3

I have created a script that uses the following code to iterate over all combinations of characters in the sCharacters string:

sCharacters = "abcdefghijklmnopqrstuvwxyz0123456789"
iKeyLength = len(sCharacters)

for sCharacterCombination in itertools.product(sCharacters, repeat=iKeyLength):
    # Do Stuff Here

However I am only interested in combinations where no single character is represented more than n number of times in the sCharacterCombination. Eg; I want to filter out strings like aaaaaaaaaaaaaaaaaaaaaaaaaaaaaaaa aaaaaaaaaaaaaaaaaaaaaaaaaaaaaaab and only get ones like 7efad3ca411bf57f1df57c0b4e9282aa

I tried just checking each sCharacterCombination, but this is no good as I still have to iterate over a mountain of items I will never use.

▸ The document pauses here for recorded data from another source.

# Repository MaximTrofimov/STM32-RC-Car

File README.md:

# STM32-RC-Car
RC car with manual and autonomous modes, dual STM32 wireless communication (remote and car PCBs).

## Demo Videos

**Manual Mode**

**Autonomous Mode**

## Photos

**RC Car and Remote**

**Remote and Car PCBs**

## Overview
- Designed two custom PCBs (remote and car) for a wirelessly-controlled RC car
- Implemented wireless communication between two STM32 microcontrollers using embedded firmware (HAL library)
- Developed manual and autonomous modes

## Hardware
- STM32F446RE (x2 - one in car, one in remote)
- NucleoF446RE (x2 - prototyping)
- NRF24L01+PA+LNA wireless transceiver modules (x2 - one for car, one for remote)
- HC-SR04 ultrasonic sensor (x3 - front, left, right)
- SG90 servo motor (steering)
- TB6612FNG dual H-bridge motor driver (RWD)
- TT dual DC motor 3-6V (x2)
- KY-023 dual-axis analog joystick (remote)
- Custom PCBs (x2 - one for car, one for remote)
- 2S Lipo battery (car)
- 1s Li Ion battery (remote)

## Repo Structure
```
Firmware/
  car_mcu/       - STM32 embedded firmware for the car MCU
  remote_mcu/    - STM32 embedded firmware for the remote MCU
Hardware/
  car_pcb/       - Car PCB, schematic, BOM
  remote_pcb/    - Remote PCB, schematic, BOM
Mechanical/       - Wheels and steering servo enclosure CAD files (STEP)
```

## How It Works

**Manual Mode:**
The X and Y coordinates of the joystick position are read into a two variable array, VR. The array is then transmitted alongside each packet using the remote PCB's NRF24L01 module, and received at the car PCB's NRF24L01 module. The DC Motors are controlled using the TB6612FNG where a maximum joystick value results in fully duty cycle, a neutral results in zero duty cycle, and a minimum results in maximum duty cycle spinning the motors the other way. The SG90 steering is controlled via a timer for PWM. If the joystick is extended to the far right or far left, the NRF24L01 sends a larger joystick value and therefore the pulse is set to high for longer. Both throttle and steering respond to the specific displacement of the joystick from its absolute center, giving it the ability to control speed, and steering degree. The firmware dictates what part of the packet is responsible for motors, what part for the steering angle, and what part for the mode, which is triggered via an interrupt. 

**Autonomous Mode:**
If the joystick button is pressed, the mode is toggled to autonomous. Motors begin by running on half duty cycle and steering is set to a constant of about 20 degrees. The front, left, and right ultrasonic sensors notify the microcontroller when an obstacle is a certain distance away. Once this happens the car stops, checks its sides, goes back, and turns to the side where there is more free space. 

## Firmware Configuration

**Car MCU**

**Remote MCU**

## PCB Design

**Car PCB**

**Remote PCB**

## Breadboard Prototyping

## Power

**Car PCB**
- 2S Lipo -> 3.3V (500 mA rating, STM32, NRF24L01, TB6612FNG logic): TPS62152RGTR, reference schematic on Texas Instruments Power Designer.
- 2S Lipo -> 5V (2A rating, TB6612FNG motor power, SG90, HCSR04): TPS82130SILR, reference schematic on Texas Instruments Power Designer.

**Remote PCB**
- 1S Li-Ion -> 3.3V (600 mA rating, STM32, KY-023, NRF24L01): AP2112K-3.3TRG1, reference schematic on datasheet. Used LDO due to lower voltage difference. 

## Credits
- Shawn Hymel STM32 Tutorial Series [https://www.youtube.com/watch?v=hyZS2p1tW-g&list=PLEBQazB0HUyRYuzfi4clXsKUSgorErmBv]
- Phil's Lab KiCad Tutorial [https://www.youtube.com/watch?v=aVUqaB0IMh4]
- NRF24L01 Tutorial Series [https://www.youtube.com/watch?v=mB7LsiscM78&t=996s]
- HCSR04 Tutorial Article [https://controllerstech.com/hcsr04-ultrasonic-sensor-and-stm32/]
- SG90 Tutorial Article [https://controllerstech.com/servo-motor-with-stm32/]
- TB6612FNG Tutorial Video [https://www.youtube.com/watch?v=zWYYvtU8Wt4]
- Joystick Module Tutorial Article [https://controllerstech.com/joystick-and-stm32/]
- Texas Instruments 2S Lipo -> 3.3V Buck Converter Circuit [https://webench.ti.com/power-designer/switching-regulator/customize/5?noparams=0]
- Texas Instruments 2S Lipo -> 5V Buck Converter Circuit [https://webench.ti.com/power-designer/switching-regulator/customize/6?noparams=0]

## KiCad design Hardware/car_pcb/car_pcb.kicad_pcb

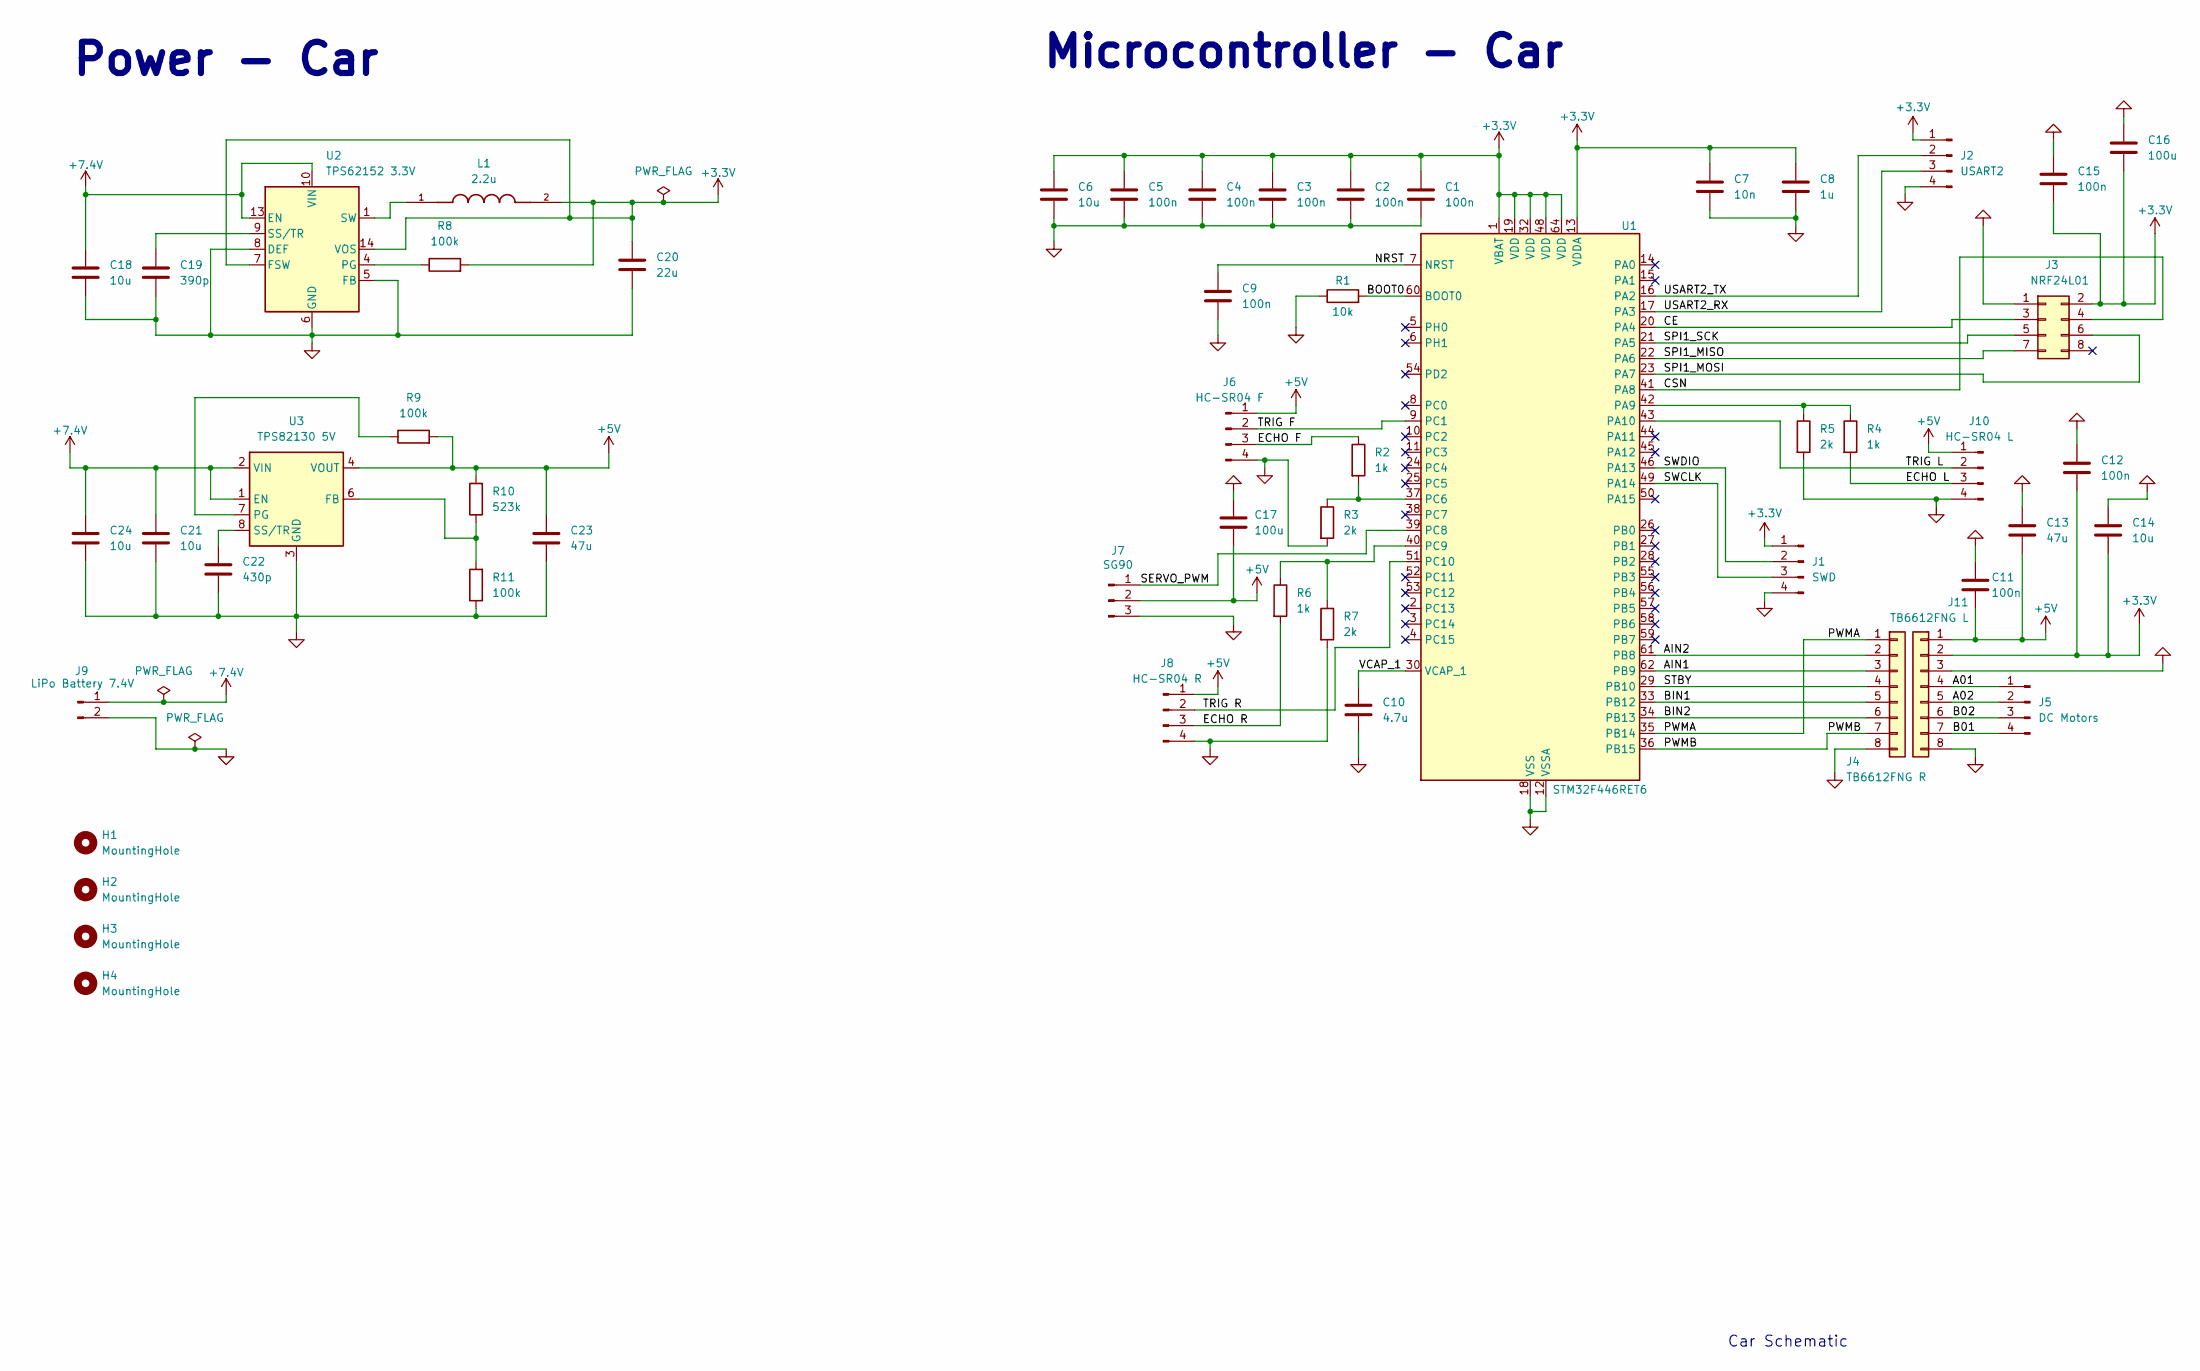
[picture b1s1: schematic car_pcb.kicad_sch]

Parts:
C1, C2, C3, C4, C5, C9, C11, C12, C15: 100n; C_0805_2012Metric; LCSC C49678
C6, C14, C18, C21, C24: 10u; C_0805_2012Metric; LCSC C15850
C7: 10n; C_0805_2012Metric; LCSC C1710
C8: 1u; C_0805_2012Metric; LCSC C28323
C10: 4.7u; C_0805_2012Metric; LCSC C1779
C13, C23: 47u; C_Radial_D5.0mm_H11.0mm_P2.00mm
C16, C17: 100u; C_Radial_D5.0mm_H11.0mm_P2.00mm
C19: 390p; C_0805_2012Metric; LCSC C1741
C20: 22u; C_0805_2012Metric; LCSC C45783
C22: 430p; C_0805_2012Metric; LCSC C67898
H1, H2, H3, H4: MountingHole; MountingHole_2.2mm_M2
J1: SWD; PinHeader_1x04_P2.54mm_Vertical
J2: USART2; PinHeader_1x04_P2.54mm_Vertical
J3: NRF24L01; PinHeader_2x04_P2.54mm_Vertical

How can I get the iterator to create the list based on each item having no single character represented more than n number of times in the first place, so I don't have to iterate over items I will not use?

It would be awesome if I could say:

  • Max number of times a single character could be represented in the sCharacterCombination.
  • Max times a single character could be represented in a row.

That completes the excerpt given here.